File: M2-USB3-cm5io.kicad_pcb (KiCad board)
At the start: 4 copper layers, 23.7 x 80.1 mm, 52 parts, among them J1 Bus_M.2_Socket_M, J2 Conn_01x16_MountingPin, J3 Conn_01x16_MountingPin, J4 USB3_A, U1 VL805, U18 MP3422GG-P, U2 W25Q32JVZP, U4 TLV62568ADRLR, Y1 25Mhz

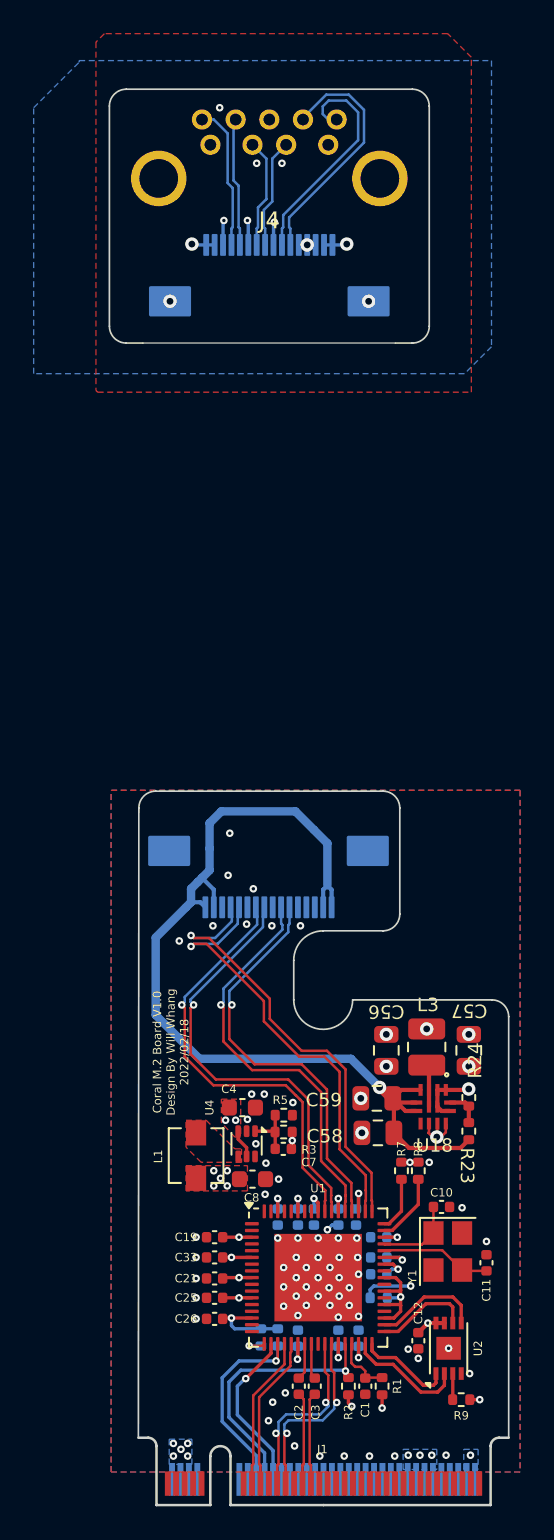
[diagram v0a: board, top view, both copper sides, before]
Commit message: Fix most ERC/DRC errors
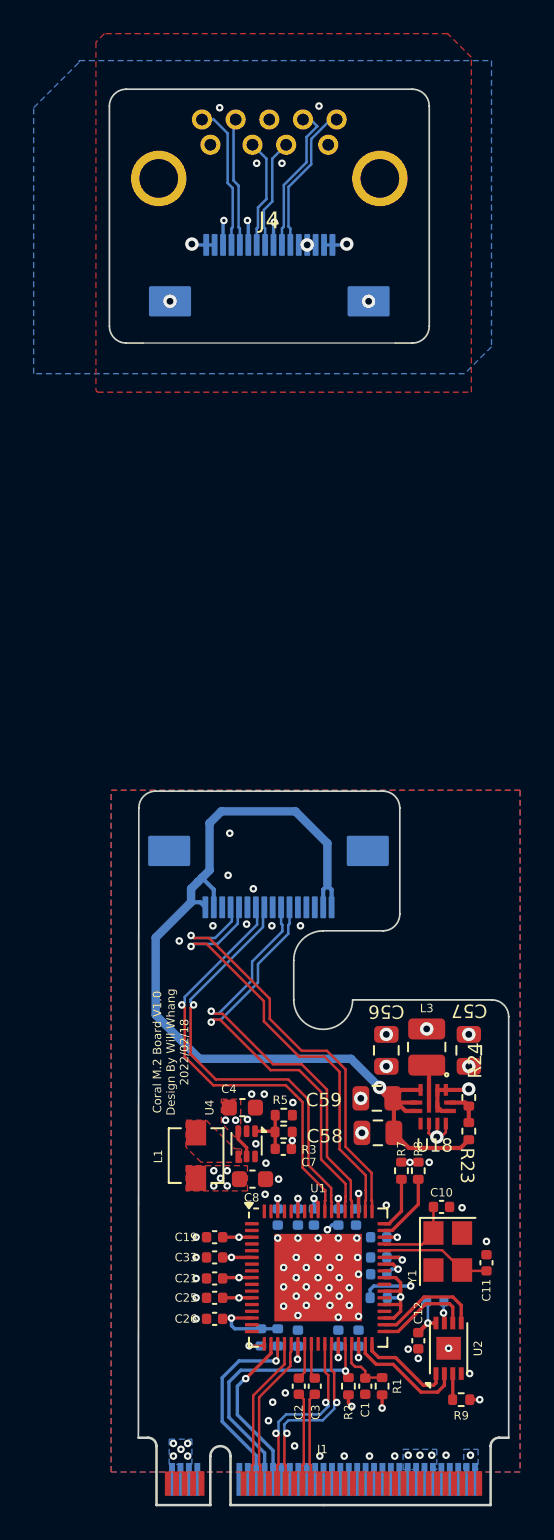
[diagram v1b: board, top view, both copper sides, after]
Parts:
- added R10: 10K, Resistor_SMD:R_0402_1005Metric, B.Cu at (118.8, 117.4)
- J1: footprint NGFF:NGFF_M -> footprints:NGFF_M
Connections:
- J1 pad 10: PCIe_LED -> unconnected-(J1-DAS/~{DSS}/~{LED1}-Pad10)
- J2 pad 10: USB3_RX1- -> USB3_RX1+
- J2 pad 11: USB3_RX1+ -> USB3_RX1-
- J3 pad 6: USB3_RX1+ -> USB3_RX1-
- J3 pad 7: USB3_RX1- -> USB3_RX1+
- U2 pad 7: +3.3VA -> Net-(U2-IO3)
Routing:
- net USB3_RX1+: track 38.9 -> 34.0 mm
- net USB3_RX1-: track 38.0 -> 34.0 mm
- net Net-(U2-IO3): track 0.00 -> 1.33 mm, vias 0 -> 1
- net +3.3VA: track 28.0 -> 28.8 mm
- net GND: vias 83 -> 85
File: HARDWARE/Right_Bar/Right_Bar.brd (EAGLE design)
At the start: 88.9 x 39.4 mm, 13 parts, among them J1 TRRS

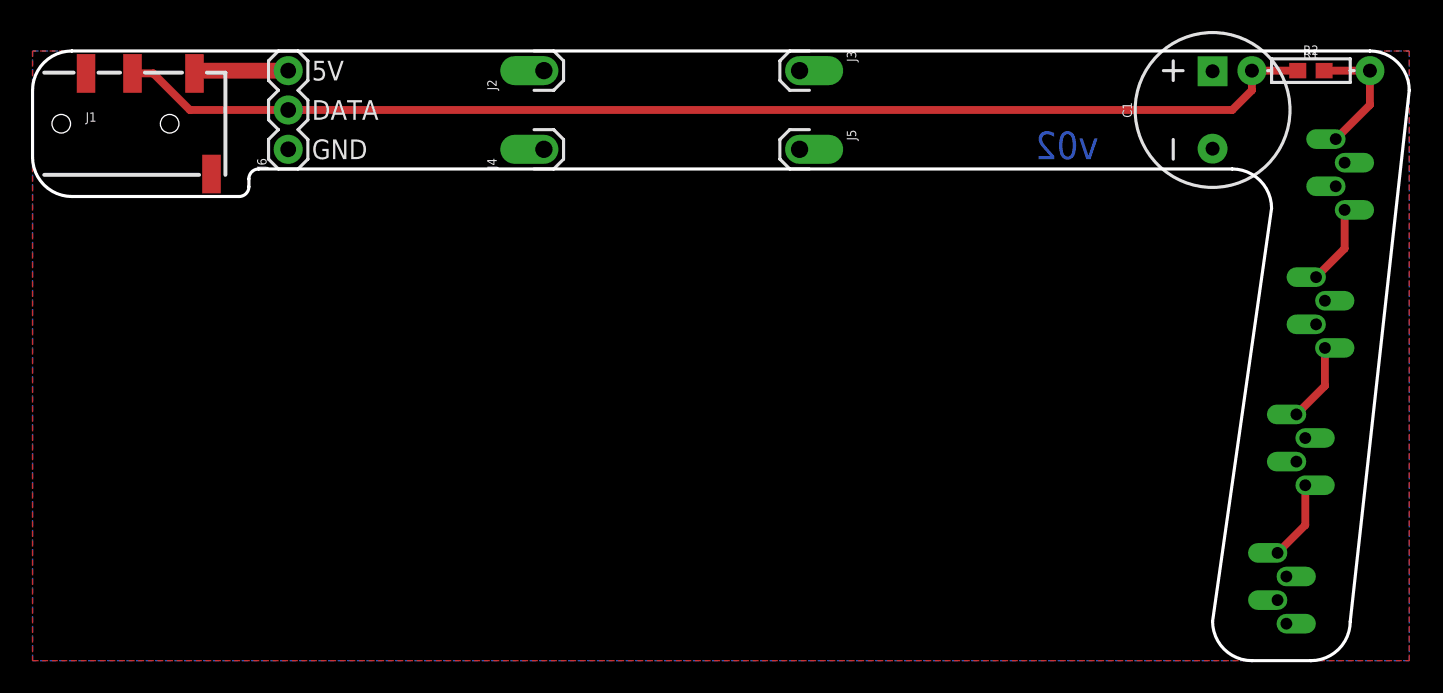
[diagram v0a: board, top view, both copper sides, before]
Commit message: renames right and left, finished left
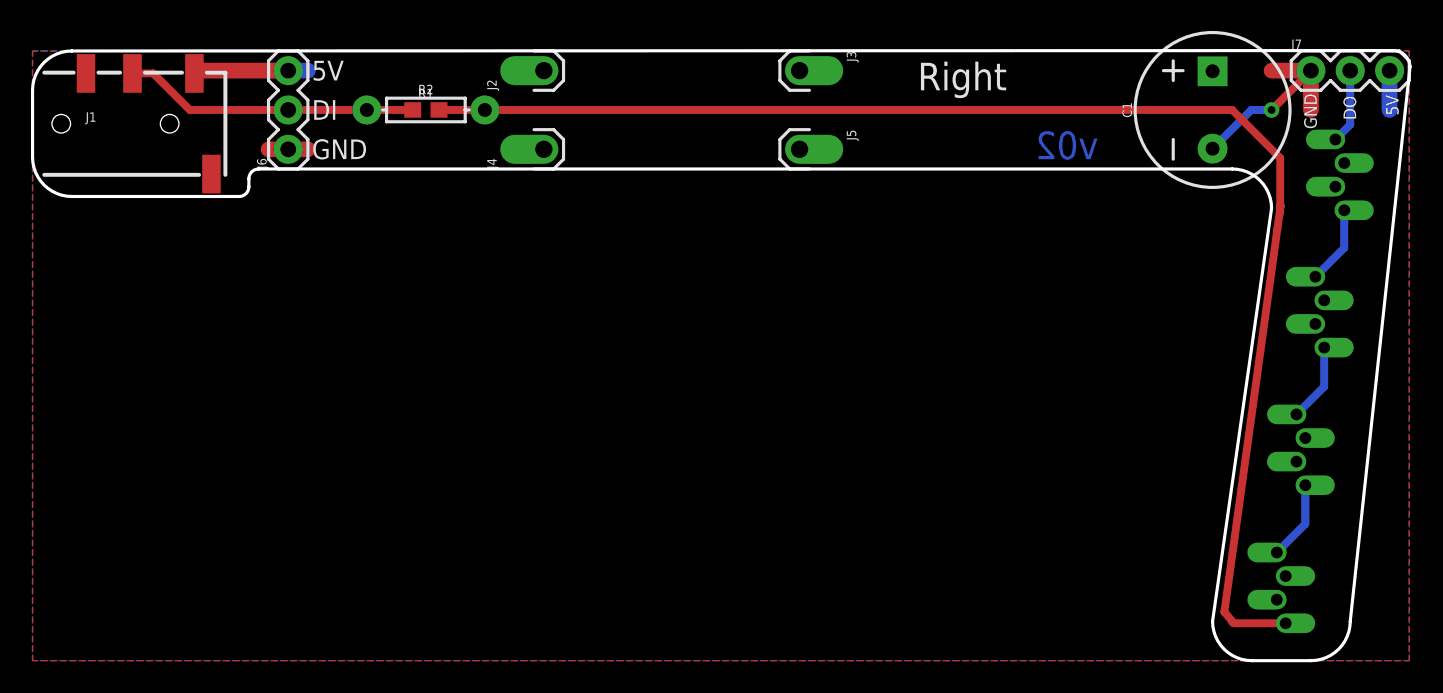
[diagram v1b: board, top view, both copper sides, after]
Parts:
- added J7: (no value), SparkFun-Connectors:1X03
- moved R1 57.2 mm to (25.4, 35.6)
- moved R2 57.2 mm to (25.4, 35.6)
- moved U$4 27.3 mm to (84.8, 31.5), turned to 270 degrees
- moved U$3 26.6 mm to (81.0, 4.83), turned to 270 degrees
- moved U$1 9.35 mm to (83.5, 22.6), turned to 270 degrees
- moved U$2 8.63 mm to (82.3, 13.7), turned to 270 degrees
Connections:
- net DATA renamed DI
- new net DO: J7.2, U$4.4
- net 5V: now also J7.3
- net GND: now also J7.1
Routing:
- net N$2: track 8.29 -> 89.5 mm
- net DI: track 78.0 -> 19.1 mm
- net GND: track 0.00 -> 16.1 mm, vias 0 -> 2
- net 5V: track 6.24 -> 11.3 mm
- net DO: track 0.00 -> 4.84 mm
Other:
- board size 88.9 x 39.4 mm -> 89 x 39.4 mm
- board text added: "DI"
- board text added: "DO"
- board text added: "Right"
- board text removed: "DATA"

### Work to be completed
Could the lines from the top of the material through the line with "At the start: 88.9" be repeated exactly, pictures left out?

### Reply to the exercise
File: M2-USB3-cm5io.kicad_pcb (KiCad board)
At the start: 4 copper layers, 23.7 x 80.1 mm, 52 parts, among them J1 Bus_M.2_Socket_M, J2 Conn_01x16_MountingPin, J3 Conn_01x16_MountingPin, J4 USB3_A, U1 VL805, U18 MP3422GG-P, U2 W25Q32JVZP, U4 TLV62568ADRLR, Y1 25Mhz

[diagram v0a: board, top view, both copper sides, before]
Commit message: Fix most ERC/DRC errors
[diagram v1b: board, top view, both copper sides, after]
Parts:
- added R10: 10K, Resistor_SMD:R_0402_1005Metric, B.Cu at (118.8, 117.4)
- J1: footprint NGFF:NGFF_M -> footprints:NGFF_M
Connections:
- J1 pad 10: PCIe_LED -> unconnected-(J1-DAS/~{DSS}/~{LED1}-Pad10)
- J2 pad 10: USB3_RX1- -> USB3_RX1+
- J2 pad 11: USB3_RX1+ -> USB3_RX1-
- J3 pad 6: USB3_RX1+ -> USB3_RX1-
- J3 pad 7: USB3_RX1- -> USB3_RX1+
- U2 pad 7: +3.3VA -> Net-(U2-IO3)
Routing:
- net USB3_RX1+: track 38.9 -> 34.0 mm
- net USB3_RX1-: track 38.0 -> 34.0 mm
- net Net-(U2-IO3): track 0.00 -> 1.33 mm, vias 0 -> 1
- net +3.3VA: track 28.0 -> 28.8 mm
- net GND: vias 83 -> 85
File: HARDWARE/Right_Bar/Right_Bar.brd (EAGLE design)
At the start: 88.9 x 39.4 mm, 13 parts, among them J1 TRRS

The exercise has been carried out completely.